> Work required
Of the lines in the data below, write out exactly those from the one holding "- net SPI_MOSI: now also U1.6 (MOSI)" through the one holding "- net SPI_CE: now reaches U1.3 (CE)", both included.

▬▬▬▬▬▬▬▬▬▬

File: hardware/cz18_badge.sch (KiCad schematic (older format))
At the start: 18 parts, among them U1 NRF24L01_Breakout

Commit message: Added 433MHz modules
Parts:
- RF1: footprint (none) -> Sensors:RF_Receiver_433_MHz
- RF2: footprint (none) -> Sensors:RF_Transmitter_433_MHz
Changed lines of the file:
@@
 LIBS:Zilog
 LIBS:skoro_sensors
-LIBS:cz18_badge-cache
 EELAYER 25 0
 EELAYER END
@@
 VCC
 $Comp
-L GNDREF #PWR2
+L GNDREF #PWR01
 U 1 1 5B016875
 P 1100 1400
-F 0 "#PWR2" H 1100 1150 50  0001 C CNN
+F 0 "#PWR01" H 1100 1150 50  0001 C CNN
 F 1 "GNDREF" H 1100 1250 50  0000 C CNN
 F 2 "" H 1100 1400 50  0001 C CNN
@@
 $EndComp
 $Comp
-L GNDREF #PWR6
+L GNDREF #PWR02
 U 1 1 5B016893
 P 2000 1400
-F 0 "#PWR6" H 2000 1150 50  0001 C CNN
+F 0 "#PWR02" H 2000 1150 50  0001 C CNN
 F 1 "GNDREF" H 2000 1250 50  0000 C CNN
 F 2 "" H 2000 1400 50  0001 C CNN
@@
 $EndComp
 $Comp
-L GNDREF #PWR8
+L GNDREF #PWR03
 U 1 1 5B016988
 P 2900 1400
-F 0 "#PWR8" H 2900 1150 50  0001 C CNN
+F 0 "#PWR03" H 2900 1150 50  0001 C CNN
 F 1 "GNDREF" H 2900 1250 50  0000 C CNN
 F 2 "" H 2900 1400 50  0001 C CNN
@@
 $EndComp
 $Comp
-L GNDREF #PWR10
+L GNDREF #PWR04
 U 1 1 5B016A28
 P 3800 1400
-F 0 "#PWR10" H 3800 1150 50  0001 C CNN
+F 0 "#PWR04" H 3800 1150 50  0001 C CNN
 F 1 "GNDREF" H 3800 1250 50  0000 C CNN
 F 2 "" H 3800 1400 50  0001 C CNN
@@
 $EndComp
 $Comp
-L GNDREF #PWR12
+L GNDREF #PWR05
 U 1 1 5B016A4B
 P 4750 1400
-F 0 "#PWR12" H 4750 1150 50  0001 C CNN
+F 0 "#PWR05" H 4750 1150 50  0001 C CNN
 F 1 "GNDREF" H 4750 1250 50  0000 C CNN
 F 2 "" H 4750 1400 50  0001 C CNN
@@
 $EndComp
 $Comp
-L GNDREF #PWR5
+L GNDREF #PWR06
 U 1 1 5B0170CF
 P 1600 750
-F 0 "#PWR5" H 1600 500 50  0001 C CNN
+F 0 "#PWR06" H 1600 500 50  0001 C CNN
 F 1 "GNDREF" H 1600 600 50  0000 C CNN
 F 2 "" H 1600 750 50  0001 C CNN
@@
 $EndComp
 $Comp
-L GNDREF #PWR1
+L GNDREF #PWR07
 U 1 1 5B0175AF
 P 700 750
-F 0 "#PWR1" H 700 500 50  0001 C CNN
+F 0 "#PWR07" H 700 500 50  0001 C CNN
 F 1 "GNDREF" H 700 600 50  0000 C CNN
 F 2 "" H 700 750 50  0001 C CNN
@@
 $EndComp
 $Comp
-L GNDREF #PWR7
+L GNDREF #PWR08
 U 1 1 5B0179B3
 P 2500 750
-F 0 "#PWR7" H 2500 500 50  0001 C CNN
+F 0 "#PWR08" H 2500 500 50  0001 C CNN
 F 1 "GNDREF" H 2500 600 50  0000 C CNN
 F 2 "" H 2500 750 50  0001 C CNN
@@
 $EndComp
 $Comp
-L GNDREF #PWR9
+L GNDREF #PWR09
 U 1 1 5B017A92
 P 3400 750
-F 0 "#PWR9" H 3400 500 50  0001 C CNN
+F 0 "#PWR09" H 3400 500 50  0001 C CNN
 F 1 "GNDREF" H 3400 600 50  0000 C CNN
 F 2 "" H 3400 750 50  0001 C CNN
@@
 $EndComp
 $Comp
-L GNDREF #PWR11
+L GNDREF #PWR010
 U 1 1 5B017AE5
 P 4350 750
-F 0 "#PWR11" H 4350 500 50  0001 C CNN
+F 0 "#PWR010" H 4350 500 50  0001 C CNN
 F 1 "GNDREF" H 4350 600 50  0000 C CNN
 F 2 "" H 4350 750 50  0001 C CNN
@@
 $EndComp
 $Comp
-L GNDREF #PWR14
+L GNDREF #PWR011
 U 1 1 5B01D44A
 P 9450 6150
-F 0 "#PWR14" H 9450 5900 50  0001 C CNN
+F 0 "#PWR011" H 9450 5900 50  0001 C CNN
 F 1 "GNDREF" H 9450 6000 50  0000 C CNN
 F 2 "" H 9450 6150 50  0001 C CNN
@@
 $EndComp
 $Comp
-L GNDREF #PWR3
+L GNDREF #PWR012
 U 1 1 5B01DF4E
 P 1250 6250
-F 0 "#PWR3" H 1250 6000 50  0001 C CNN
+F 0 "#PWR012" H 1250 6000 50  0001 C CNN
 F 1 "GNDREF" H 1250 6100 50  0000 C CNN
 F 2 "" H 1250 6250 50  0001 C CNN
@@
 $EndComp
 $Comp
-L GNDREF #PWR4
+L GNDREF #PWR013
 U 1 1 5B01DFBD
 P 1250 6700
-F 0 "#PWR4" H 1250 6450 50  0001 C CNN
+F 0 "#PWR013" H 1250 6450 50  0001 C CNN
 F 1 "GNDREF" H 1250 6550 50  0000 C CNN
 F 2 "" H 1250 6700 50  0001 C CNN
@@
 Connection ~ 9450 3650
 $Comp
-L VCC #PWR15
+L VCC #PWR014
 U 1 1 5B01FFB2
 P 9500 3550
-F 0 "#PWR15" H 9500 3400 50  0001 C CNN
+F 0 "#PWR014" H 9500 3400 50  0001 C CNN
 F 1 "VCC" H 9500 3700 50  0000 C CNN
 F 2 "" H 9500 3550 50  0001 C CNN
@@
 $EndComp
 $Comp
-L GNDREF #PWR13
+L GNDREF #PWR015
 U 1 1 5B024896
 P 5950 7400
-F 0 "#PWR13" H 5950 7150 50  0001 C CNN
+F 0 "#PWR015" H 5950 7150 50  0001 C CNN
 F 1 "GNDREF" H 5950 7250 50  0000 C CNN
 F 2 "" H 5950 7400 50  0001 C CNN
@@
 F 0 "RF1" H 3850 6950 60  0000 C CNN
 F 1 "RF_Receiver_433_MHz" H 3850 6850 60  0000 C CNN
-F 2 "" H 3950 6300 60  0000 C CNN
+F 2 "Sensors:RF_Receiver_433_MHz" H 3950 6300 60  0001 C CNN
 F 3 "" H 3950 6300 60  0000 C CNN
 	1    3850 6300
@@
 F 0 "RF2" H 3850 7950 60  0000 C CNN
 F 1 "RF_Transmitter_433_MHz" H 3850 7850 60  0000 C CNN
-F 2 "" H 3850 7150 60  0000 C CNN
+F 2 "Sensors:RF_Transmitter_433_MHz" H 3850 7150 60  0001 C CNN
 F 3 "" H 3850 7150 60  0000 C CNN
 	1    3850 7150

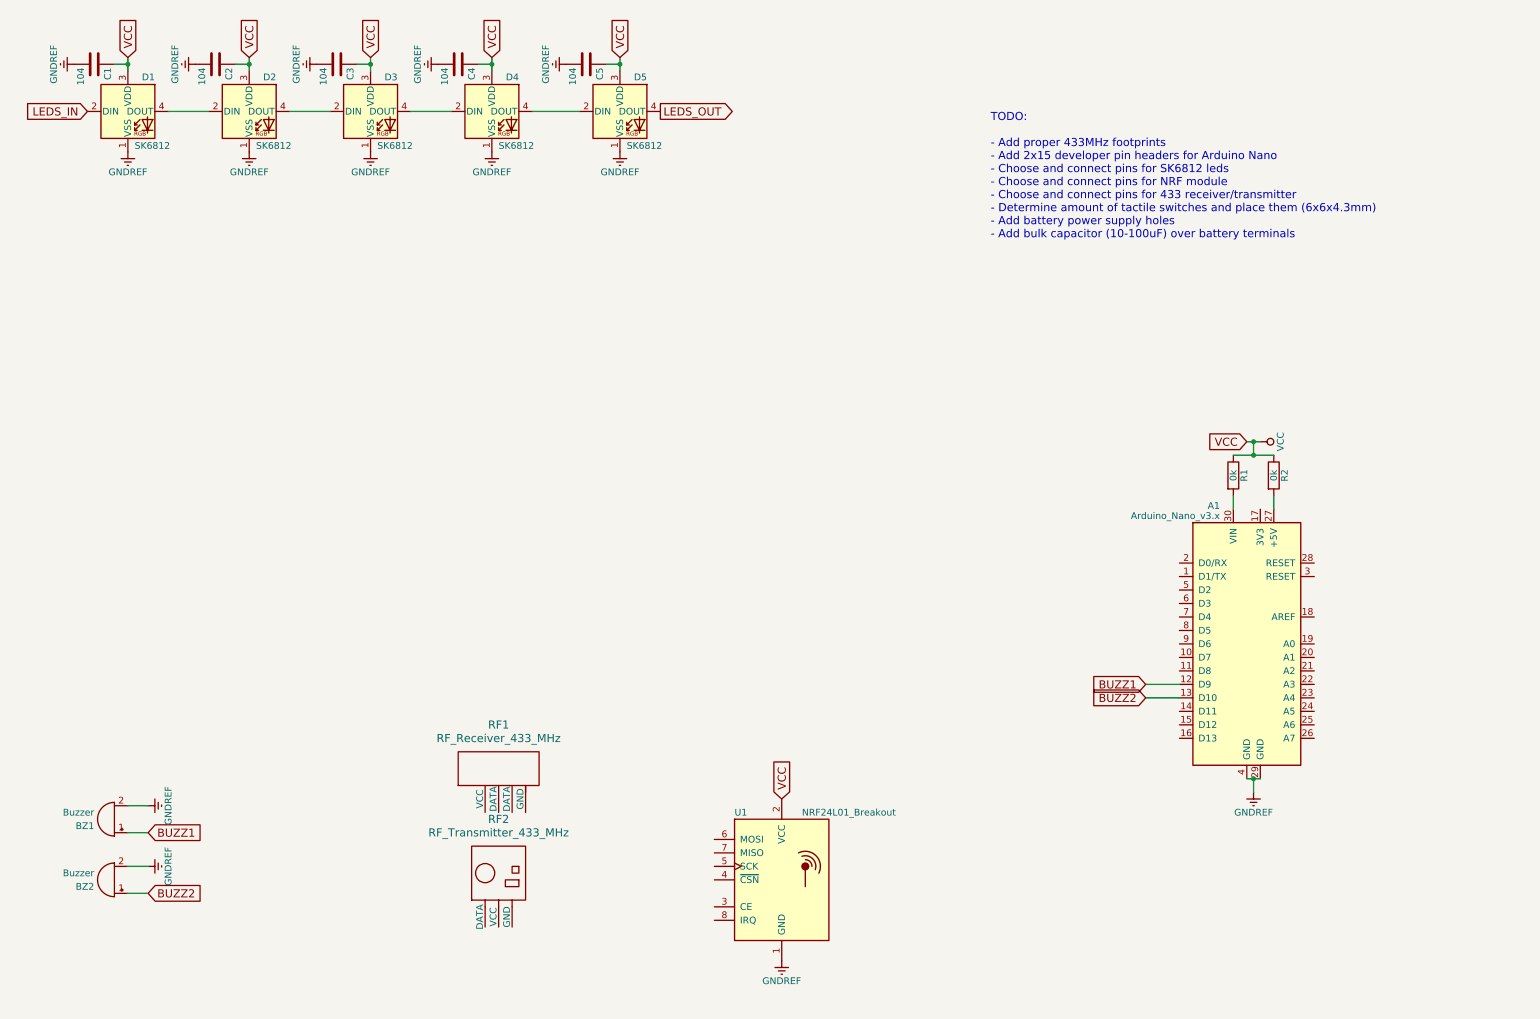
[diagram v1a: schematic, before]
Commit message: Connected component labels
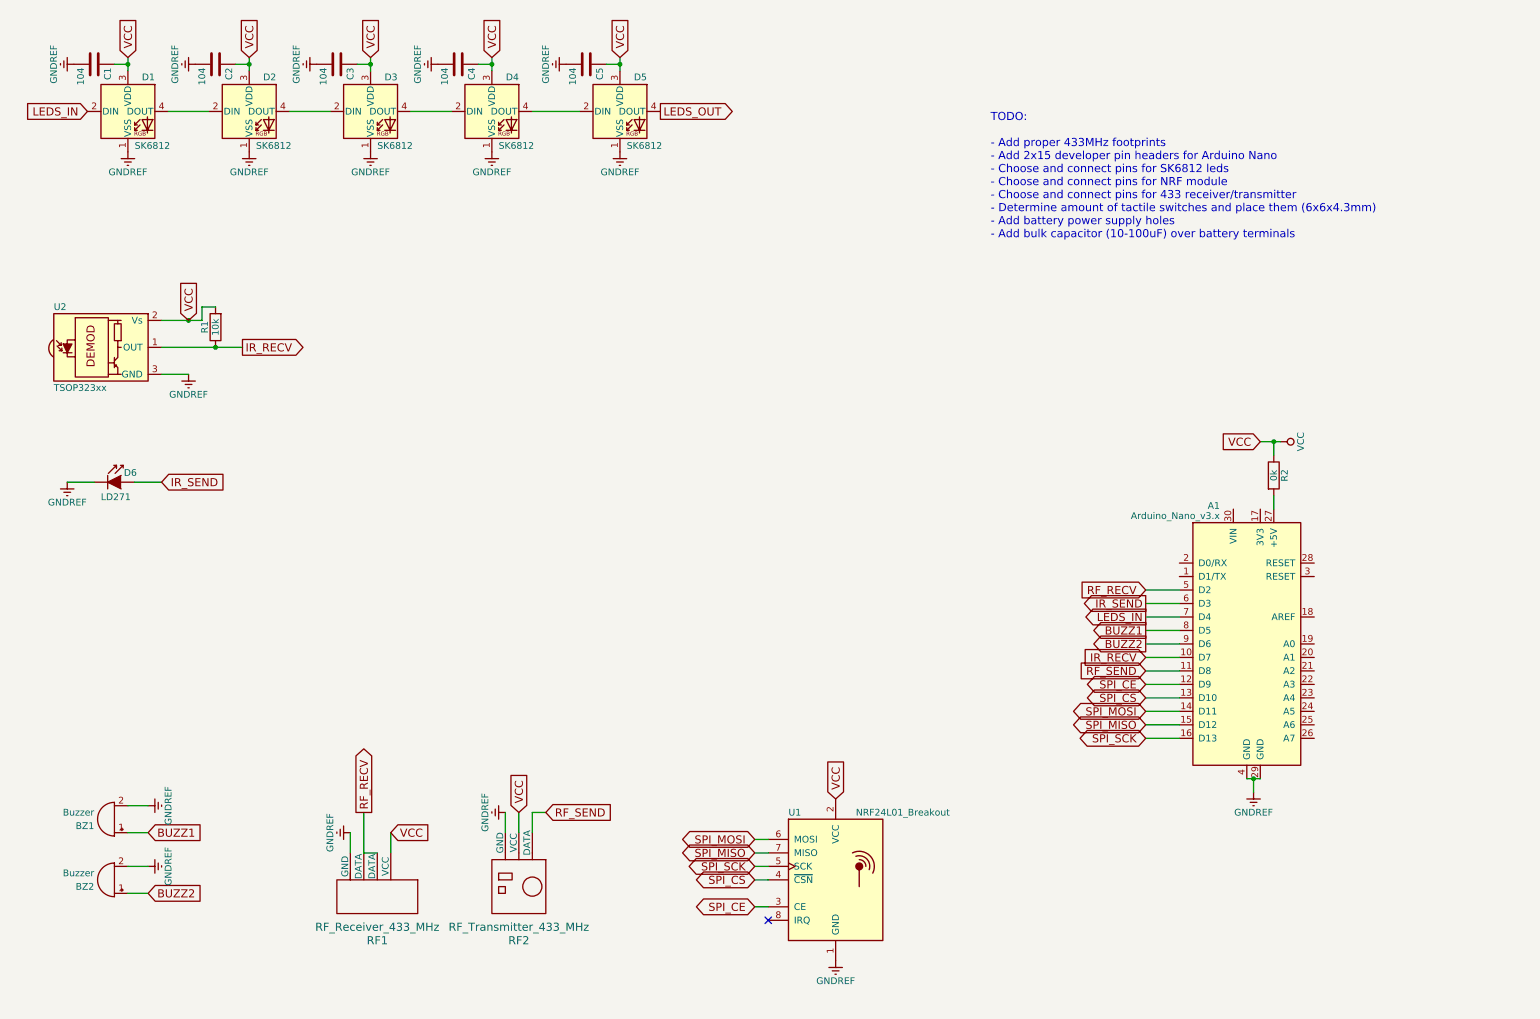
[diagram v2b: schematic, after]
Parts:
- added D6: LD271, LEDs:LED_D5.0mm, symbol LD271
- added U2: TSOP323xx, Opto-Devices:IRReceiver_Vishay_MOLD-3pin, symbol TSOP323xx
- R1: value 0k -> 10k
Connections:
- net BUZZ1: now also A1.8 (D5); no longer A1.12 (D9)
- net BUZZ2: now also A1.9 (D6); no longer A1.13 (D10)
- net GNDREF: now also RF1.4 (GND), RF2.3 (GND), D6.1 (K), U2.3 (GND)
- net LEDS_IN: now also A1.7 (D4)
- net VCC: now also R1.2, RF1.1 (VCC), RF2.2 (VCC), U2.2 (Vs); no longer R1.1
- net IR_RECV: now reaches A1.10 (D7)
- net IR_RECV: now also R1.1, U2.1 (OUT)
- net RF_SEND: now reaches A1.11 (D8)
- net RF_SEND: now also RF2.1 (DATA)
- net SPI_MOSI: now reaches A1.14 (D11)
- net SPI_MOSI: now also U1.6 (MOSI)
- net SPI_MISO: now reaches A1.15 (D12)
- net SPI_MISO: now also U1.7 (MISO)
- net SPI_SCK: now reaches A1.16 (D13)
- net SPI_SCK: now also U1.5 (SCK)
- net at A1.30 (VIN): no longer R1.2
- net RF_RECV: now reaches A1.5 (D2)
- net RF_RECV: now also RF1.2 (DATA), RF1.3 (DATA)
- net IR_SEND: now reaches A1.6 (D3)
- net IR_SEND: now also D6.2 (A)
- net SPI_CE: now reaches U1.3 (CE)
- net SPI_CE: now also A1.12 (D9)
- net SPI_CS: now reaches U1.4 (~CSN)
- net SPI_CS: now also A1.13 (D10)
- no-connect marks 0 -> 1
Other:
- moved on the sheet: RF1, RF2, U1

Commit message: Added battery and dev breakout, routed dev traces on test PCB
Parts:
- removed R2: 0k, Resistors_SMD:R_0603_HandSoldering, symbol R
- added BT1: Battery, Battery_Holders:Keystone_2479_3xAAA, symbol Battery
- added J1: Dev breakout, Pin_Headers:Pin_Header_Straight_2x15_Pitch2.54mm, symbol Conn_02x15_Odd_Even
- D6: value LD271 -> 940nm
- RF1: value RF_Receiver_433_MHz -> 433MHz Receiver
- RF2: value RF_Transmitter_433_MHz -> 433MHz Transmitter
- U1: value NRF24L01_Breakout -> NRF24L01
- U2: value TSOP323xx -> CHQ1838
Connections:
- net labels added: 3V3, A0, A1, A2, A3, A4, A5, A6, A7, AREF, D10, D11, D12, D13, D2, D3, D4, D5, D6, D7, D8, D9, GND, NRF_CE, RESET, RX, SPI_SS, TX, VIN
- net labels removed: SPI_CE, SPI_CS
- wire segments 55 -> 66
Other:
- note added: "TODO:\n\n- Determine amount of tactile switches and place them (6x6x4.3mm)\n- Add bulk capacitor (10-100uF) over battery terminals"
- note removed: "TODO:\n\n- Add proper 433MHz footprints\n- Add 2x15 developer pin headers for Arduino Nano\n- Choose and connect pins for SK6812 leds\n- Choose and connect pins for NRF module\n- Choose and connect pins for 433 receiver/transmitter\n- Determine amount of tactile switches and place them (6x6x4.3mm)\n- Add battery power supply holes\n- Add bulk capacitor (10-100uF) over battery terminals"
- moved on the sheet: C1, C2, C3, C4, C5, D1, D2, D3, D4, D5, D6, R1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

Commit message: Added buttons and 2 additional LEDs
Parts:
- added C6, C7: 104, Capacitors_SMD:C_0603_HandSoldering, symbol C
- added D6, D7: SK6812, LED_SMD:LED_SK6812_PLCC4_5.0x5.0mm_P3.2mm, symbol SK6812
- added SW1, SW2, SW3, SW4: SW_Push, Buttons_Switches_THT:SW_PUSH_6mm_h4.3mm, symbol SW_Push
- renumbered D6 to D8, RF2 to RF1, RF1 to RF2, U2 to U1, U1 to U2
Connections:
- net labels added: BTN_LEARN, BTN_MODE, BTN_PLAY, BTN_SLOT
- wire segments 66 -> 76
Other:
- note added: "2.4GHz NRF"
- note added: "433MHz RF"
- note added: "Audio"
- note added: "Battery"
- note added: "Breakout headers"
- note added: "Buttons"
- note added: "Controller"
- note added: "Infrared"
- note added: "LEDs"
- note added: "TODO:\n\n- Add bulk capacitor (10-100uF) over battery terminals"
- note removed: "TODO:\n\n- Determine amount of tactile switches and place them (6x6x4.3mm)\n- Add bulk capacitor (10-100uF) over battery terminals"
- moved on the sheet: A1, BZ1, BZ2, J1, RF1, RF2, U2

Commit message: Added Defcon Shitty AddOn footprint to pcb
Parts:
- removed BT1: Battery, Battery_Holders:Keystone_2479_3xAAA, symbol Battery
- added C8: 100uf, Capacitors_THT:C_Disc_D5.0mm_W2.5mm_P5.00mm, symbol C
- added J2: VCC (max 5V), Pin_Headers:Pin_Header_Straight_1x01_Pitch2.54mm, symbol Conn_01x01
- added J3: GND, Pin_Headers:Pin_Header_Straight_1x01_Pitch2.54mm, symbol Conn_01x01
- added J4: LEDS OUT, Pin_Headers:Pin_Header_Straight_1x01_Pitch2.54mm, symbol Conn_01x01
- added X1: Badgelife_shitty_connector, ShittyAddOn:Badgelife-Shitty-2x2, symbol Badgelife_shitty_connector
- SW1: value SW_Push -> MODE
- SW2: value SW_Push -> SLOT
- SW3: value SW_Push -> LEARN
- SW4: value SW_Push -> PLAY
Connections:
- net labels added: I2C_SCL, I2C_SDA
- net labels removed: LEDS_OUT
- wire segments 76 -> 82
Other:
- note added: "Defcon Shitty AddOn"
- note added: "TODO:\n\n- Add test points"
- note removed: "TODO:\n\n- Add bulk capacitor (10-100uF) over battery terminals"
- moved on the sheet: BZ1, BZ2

▬▬▬▬▬▬▬▬▬▬

> Output for this exercise
- net SPI_MOSI: now also U1.6 (MOSI)
- net SPI_MISO: now reaches A1.15 (D12)
- net SPI_MISO: now also U1.7 (MISO)
- net SPI_SCK: now reaches A1.16 (D13)
- net SPI_SCK: now also U1.5 (SCK)
- net at A1.30 (VIN): no longer R1.2
- net RF_RECV: now reaches A1.5 (D2)
- net RF_RECV: now also RF1.2 (DATA), RF1.3 (DATA)
- net IR_SEND: now reaches A1.6 (D3)
- net IR_SEND: now also D6.2 (A)
- net SPI_CE: now reaches U1.3 (CE)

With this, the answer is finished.